Kurt Beck: Die Verbesserung der Lebenssituation von behinderten Menschen und ihre unmittelbare Beteiligung am Leben inmitten der Gesellschaft sind für mich persönlich und für die rheinland-pfälzische Landesregierung ganz wichtige Ziele. Das betrifft grundlegende Bereiche wie Wohnen und Mobilität, aber auch die Schule und die Arbeitswelt. Rheinland-Pfalz ist hier - auch dank eines guten Netzwerks mit den Verbänden, Trägern und Kommunen - einen guten Weg gegangen.

kobinet-nachrichten: "Wohnen wo ich will", die Zielvereinbarung mit den Werkstätten für behinderte Menschen zum Budget für Arbeit und die Zielvereinbarung zur persönlichen Assistenz sind wichtige Elemente dieser Politik. Inwieweit haben sie Eingang in den Entwurf zum SPD-Grundsatzprogramm gefunden?
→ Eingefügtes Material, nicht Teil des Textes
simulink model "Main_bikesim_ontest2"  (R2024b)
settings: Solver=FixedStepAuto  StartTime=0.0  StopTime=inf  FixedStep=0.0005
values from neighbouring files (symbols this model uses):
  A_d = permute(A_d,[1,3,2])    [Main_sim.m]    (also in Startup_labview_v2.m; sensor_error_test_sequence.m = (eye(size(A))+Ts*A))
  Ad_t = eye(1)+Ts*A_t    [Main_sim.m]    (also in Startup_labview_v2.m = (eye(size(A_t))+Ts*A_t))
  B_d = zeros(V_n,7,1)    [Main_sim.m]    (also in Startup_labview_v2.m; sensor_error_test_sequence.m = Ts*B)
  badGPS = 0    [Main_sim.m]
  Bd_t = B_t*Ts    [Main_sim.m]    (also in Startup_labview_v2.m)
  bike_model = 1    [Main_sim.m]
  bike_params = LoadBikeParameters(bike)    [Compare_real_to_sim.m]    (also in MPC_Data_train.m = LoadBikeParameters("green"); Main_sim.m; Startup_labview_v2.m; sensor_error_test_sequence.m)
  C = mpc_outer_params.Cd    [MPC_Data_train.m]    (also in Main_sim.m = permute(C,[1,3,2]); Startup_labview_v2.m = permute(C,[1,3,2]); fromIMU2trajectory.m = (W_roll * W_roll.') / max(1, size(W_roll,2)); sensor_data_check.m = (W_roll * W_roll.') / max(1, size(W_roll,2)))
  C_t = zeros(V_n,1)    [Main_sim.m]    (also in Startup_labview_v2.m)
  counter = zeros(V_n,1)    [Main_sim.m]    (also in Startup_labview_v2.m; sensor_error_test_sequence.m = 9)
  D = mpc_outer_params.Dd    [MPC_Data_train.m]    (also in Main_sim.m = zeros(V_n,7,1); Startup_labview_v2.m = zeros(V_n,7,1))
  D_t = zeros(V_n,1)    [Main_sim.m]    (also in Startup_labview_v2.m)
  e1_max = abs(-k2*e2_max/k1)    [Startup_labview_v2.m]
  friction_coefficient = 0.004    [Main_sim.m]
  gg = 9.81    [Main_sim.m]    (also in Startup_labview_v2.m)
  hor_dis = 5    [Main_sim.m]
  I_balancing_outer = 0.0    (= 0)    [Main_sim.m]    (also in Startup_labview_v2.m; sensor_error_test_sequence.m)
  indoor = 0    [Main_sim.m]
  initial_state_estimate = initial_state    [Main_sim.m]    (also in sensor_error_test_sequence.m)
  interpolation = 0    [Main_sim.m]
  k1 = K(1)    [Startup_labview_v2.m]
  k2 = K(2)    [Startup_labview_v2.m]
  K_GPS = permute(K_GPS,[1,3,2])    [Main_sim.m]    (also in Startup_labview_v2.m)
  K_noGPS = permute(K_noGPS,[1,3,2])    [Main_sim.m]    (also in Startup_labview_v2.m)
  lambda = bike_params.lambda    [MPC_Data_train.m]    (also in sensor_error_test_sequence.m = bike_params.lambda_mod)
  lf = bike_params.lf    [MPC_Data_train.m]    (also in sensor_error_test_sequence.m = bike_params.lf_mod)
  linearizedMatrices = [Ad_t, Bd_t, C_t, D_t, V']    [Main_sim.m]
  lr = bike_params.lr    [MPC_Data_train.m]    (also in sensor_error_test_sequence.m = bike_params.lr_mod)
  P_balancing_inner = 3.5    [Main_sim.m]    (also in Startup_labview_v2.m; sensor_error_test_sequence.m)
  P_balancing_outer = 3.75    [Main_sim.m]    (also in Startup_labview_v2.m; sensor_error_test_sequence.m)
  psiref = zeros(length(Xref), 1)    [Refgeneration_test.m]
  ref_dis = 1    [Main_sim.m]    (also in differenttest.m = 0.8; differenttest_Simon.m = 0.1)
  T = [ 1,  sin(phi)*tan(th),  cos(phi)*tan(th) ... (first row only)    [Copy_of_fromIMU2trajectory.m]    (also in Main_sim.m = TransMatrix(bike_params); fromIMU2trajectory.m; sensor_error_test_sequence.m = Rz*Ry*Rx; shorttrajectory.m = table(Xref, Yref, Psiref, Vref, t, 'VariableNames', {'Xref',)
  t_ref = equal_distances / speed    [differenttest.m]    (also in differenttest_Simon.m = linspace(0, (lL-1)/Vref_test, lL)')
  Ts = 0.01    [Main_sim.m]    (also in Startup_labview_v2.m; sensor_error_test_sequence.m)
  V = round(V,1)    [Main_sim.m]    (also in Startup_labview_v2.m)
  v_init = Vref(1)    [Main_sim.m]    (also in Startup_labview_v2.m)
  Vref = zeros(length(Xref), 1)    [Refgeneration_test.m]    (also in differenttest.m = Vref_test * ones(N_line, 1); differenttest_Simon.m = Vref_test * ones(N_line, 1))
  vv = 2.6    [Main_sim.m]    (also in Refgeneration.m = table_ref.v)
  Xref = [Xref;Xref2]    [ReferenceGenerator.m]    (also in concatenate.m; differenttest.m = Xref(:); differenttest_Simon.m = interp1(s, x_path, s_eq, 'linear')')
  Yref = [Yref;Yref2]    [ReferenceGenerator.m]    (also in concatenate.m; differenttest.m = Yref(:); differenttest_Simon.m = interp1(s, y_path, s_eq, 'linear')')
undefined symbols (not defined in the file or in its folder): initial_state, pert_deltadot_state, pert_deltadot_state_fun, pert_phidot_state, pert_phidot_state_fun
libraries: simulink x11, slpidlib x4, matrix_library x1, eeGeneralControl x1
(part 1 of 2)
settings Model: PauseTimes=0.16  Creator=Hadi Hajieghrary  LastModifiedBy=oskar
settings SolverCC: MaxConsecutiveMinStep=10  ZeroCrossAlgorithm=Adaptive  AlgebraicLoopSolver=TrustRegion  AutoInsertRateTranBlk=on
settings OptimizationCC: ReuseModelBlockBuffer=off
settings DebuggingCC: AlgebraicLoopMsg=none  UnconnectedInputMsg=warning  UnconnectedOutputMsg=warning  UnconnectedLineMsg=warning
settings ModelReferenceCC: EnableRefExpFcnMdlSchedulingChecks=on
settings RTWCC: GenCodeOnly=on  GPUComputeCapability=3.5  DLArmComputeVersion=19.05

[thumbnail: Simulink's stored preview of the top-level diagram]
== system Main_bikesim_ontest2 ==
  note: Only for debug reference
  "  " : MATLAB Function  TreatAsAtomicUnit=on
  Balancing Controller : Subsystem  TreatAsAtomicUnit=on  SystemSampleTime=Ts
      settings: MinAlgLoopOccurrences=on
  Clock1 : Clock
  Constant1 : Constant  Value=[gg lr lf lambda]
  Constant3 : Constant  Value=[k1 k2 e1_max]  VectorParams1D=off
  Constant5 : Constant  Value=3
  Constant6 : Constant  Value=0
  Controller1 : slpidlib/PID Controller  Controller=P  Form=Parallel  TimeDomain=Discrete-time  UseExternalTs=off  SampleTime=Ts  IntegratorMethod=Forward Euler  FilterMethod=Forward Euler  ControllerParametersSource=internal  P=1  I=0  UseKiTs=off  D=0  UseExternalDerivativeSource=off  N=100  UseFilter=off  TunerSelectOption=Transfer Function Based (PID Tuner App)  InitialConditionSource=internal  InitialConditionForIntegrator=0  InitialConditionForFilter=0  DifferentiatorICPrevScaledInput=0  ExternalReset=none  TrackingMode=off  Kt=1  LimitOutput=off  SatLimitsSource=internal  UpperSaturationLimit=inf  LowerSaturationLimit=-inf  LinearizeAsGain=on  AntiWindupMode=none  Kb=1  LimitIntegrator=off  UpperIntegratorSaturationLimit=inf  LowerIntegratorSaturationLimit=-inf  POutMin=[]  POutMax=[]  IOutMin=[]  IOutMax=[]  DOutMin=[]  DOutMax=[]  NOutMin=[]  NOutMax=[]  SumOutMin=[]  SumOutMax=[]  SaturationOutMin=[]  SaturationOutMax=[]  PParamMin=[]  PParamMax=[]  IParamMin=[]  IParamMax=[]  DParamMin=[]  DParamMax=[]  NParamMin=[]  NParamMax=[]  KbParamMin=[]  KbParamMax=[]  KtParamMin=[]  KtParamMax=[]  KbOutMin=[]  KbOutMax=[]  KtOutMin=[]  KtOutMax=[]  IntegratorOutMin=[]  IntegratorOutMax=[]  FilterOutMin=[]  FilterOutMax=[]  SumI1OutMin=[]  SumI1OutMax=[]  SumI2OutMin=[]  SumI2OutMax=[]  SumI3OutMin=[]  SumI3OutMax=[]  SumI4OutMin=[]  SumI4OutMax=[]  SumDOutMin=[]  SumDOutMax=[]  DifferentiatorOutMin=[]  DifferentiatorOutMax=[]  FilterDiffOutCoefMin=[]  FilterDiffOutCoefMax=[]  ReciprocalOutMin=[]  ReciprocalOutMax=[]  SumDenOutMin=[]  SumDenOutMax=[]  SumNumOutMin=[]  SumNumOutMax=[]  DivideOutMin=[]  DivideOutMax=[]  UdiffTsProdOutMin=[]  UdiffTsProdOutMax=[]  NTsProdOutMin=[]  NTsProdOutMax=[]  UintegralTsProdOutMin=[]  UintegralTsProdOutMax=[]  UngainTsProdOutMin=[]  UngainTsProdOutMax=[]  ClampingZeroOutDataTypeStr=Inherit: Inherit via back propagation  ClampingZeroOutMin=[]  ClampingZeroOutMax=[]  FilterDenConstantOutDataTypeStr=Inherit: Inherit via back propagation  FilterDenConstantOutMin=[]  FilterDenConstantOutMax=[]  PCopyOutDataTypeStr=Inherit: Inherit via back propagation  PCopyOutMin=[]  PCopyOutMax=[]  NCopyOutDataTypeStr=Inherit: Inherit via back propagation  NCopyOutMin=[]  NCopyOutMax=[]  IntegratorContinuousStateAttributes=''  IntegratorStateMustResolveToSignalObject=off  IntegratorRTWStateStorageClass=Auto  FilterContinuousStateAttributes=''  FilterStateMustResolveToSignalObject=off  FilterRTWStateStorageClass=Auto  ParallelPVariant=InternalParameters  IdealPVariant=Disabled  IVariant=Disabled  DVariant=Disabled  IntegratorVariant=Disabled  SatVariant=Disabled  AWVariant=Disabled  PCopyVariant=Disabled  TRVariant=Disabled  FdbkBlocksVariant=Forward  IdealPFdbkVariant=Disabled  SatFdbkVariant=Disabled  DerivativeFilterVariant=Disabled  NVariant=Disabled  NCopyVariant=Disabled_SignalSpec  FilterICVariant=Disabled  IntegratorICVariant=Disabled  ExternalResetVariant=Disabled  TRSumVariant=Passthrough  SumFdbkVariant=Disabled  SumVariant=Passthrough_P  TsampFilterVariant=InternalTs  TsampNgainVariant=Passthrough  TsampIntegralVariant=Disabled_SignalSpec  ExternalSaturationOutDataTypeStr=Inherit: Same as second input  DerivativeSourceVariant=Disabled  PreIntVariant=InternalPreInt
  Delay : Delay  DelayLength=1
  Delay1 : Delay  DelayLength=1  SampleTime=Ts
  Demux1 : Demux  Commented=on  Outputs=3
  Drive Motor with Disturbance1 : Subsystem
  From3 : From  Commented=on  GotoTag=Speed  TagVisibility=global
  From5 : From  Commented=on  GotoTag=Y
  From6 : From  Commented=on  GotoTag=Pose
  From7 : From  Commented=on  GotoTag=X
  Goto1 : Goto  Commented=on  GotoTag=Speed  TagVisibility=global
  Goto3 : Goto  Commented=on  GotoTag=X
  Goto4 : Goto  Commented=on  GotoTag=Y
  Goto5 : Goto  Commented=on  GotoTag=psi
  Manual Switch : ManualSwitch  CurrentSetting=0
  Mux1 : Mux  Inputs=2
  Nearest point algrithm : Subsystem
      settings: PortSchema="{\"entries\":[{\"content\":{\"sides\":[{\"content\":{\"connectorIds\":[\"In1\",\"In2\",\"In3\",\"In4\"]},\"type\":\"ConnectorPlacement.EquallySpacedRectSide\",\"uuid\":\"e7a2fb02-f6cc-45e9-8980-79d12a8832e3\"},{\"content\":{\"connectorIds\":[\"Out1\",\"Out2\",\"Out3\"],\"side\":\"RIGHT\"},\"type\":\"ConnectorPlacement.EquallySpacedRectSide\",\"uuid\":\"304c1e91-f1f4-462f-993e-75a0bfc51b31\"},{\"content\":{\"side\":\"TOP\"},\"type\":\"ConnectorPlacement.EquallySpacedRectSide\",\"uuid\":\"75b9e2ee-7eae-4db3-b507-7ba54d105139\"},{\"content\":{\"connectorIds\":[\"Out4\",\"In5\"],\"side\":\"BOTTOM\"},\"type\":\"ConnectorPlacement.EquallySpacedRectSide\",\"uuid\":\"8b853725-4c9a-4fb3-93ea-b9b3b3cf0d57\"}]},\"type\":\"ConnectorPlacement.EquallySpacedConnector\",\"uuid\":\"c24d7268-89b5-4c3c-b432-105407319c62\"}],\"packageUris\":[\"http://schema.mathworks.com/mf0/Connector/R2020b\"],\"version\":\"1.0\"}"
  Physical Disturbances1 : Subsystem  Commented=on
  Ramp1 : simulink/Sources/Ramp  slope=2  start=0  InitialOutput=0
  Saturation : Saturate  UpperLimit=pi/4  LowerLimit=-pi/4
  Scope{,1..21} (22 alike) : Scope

Kurt Beck: Teilhabe verwirklichen, Gleichstellung durchsetzen, Selbstbestimmung ermöglichen - dies sind die Leitsätze unserer Politik. Diese Leitsätze sollen umgesetzt werden mit den Zielvereinbarungen für die Bereiche des Wohnens in der Kommune, für die Werkstätten für behinderte Menschen und den Übergang auf den allgemeinen Arbeitsmarkt sowie für die persönliche Assistenz im Rahmen des Arbeitgeberinnen- und Arbeitgebermodells. Dabei organisieren behinderte Menschen die für sie notwendige Unterstützung weitestgehend selbst. Diese Vereinbarungen wurden mit den Vertretungen der behinderten Menschen als Leistungsberechtigte, dem Land und den Kommunen und weiteren Leistungsträgern und den Trägern von Einrichtungen intensiv verhandelt und geschlossen. "Nichts über uns, ohne uns" ist für uns ein wichtiger Grundgedanke. Behinderte Menschen werden als Expertinnen und Experten in eigener Sache in alle Entscheidungen einbezogen. Der Entwurf des neuen SPD-Grundsatzprogramms macht sich das Ziel der gleichberechtigten Teilhabe von Menschen mit Behinderung am gesellschaftlichen Leben zu eigen und sieht die Gesellschaft in der Verantwortung.

kobinet-nachrichten: Was würde sich beispielsweise bei der Bahn ändern, wenn der rheinland-pfälzische Kabinettsbeschluss zur Bindung öffentlicher Zuschüsse an die Verwirklichung von Barrierefreiheit, bundesweit umgesetzt würde?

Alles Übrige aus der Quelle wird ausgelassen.